10 ways big data changes everything

Can gigabytes predict the next Lady Gaga?

By Stacey Higginbotham
Want to know how playing on Jimmy Kimmel Live will boost the sales of an artist’s album? Or how about figuring out where fans go to find artists after they hit the evening news? What about the effect Whitney Houston’s death had on her YouTube and Vevo plays? They shot up 4,525 percent, by the way.
If you want to know this and other music industry data gleaned from the Internet, then you want to turn to Next Big Sound, which exists to find the connection between social activity and music sales.
The service, which recently raised $6.5 million, began two years ago because its founders thought the influx of data — from social networks like MySpace and Twitter, online music services such as Rdio, and sales sites — might help them understand how someone transitions from being a member of a band to being a full-fledged rock star.
The site pulls in 5–10 GB per day with peaks of about 100 GB per day on the heaviest days from the usual suspects such as Facebook, Last.fm, Rdio, iTunes and more. Some of this data is structured and accessed via an API — such as data from the music services and sales sites — and thus is easy to deal with. Other data, like that gleaned from blogs, Facebook pages or Twitter, is based on scraping the pages and sites and needs some formatting before the data geeks at Next Big Sound can make sense of it.
Next Big Sound uses Cassandra for larger, time-oriented data sets; MongoDB for medium-sized, semi-structured data sets; MySQL for small, well-structured data; and Apache Hadoop + Pig for offline analytics. Alex White, the CEO and founder of Next Big Sound, didn’t go into more tech specifics, but he did get excited about the new sources of data and how they can change the industry. “We want to unlock the black box of how an artist becomes a star,” White said. “We want to reverse engineer the Billboard charts and understand the key actions and moments that can turn a garage band into superstars.”

Beat of big data

The music industry is ripe for a data infusion. Major labels have their own Hadoop clusters and attempt to track how their artists perform on fan pages and, of course, produce record sales. The process of tracking music sales was done for decades by managers calling up record stores, but in 1991 Nielsen SoundScan entered the scene with accurate CD sales information. Billboard, the industry’s trade magazine, realized that accuracy was the way to go and used the SoundScan data in its charts. The next time Billboard added charts, it was from Next Big Sound.
“Billboard realized it was missing the ways that people were listening to music now,” said White. The music industry had to understand how the explosion of social media affected its core metrics — sales of songs and albums — and nothing was out there. That’s where Next Big Sound comes into play, but fundamentally its goal is larger: It is to learn via scads of data how to make a star.
Next Big Sound has two undisclosed major record labels as customers so far, and it generates two charts for the Billboard Social 50 and the Next Big Sound’s Up and Coming Artist list for Billboard.
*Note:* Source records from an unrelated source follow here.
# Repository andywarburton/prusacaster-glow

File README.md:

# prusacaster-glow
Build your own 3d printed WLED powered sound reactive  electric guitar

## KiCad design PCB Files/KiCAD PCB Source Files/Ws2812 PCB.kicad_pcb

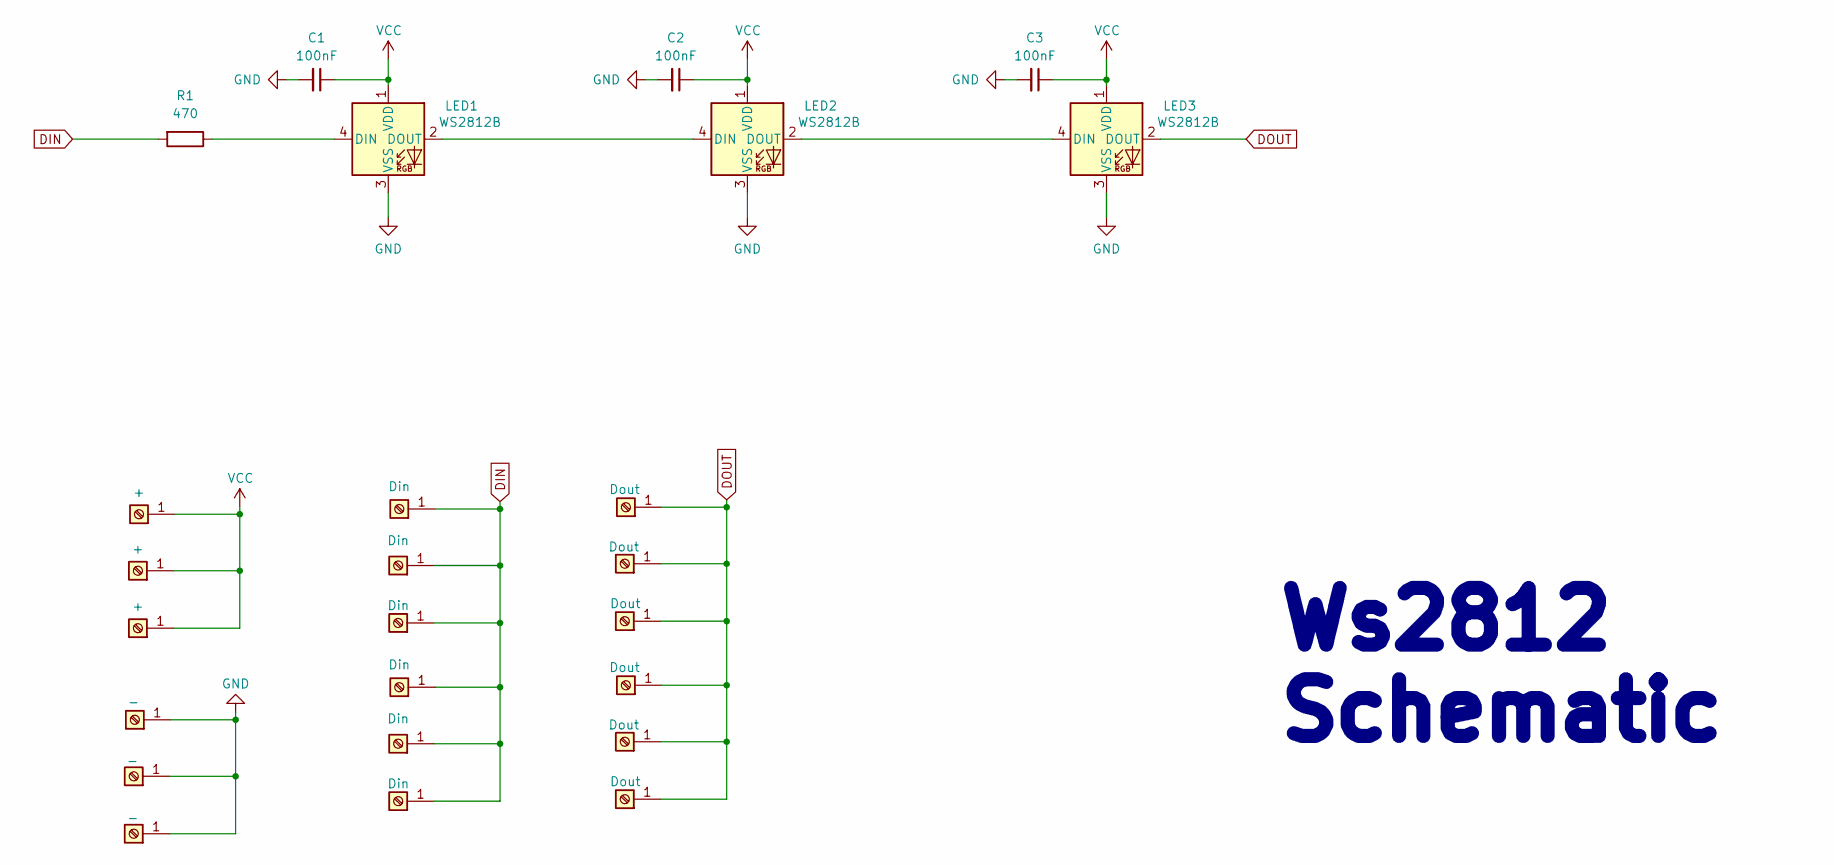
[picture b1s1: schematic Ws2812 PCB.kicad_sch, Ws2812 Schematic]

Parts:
C1, C2, C3: 100nF; C_0603_1608Metric; JLCPCB Part# C14663
J1, J2, J3: -; 1X01_CASTEL
J4, J5, J6: +; 1X01_CASTEL
J7, J8, J9, J16, J17, J18: Dout; 1X01_CASTEL
J10, J11, J12, J13, J14, J15: Din; 1X01_CASTEL
LED1, LED2, LED3: WS2812B; LED_WS2812B_PLCC4_5.0x5.0mm_P3.2mm; JLCPCB Part# C2761795
R1: 470; R_0603_1608Metric; JLCPCB Part# C23179

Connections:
DIN: J10.1, J11.1, J12.1, J13.1, J14.1, J15.1, R1.2
DOUT: J7.1, J8.1, J9.1, J16.1, J17.1, J18.1, LED3.2 (DOUT)
GND: C1.2, C2.2, C3.2, J1.1, J2.1, J3.1, LED1.3 (VSS), LED2.3 (VSS), LED3.3 (VSS)
unnamed: LED1.4 (DIN), R1.1
unnamed: LED1.2 (DOUT), LED2.4 (DIN)
unnamed: LED2.2 (DOUT), LED3.4 (DIN)
VCC: C1.1, C2.1, C3.1, J4.1, J5.1, J6.1, LED1.1 (VDD), LED2.1 (VDD), LED3.1 (VDD)

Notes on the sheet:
Ws2812 Schematic

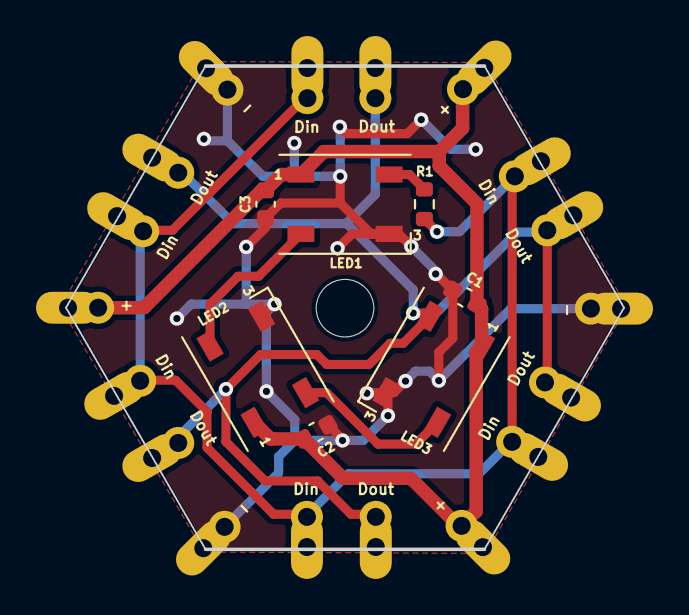
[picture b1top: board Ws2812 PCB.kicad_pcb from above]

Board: 2 copper layers, 31.0 x 26.8 mm, 25 parts (0 on the bottom side), 7 nets.

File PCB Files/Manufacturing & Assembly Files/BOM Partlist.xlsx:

Item | Qty | Reference(s) | Value | Footprint | JLCPCB Part# | Purchase Link | Alternative Part#
1 | 3 | C1, C2, C3 | 100nF | Ahsan Libs:C_0603_1608Metric | C14663 | https://www.lcsc.com/product-detail/Multilayer-Ceramic-Capac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
2 | 3 | LED1, LED2, LED3 | WS2812B | Ahsan Libs:LED_WS2812B_PLCC4_5.0x5.0mm_P3.2mm | C2761795 | https://www.lcsc.com/product-detail/Light-Emitting-Diodes-LE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 | https://www.lcsc.com/product-detail/Light-Emitting-Diodes-LE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
3 | 1 | R1 | 470 | Ahsan Libs:R_0603_1608Metric | C23179 | https://www.lcsc.com/product-detail/Chip-Resistor-Surface-Mo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

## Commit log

2024-03-23 Added PCB files

Last year it also published ”The state of online music in 2011,” an infographic and report chock-full of stats, including that almost 65 billion songs were played across the sites that Next Big Sound tracked in 2011 and that video plays on YouTube peak on Thursday. Also Lady Gaga is big. Everywhere.
But the big money isn’t in trivia; it’s in the insights. And Next Big Sound delivers value above and beyond the record label’s own data-tracking efforts by looking across the entire music industry spectrum to help music professionals allocate their resources around a particular artist. For example, if a manager notices a singer that shares many of the same characteristics as one of her own clients, she might investigate how having a YouTube page has affected that artist. This way the manager can spend her promotional dollars and time more efficiently.
Labels can also run an artist’s songs on YouTube to see which one the label should promote for radio. Tracking YouTube plays or comments made there and on music-focused networks might indicate if the label has a potential hit on its hands. White’s hope is to help provide that comparison.
What Next Big Sound can’t do yet is provide context, however. For example, White says he can show an executive that Chris Brown has 20,000 new likes on Facebook, which might seem good until you realize that is flat compared to all the other Grammy-affiliated artists in the week heading into the awards. But for now, he can’t say why that is. White points out his job isn’t to assess popularity exactly but to say what that popularity means for the record industry.
“We don’t speculate why fans aren’t liking Chris Brown. We want to know what the business impact is. If they aren’t liking, are they still buying?” asks White. That’s what the record industry wants to know, and that’s what the data shows it. For White, this isn’t a social experiment but a hunt for actions that an artist or label can take to produce someone who can sell albums and fill concert halls. For insights into the hows and whys we are drawn to a particular artist, the data and Next Big Sound will stay silent.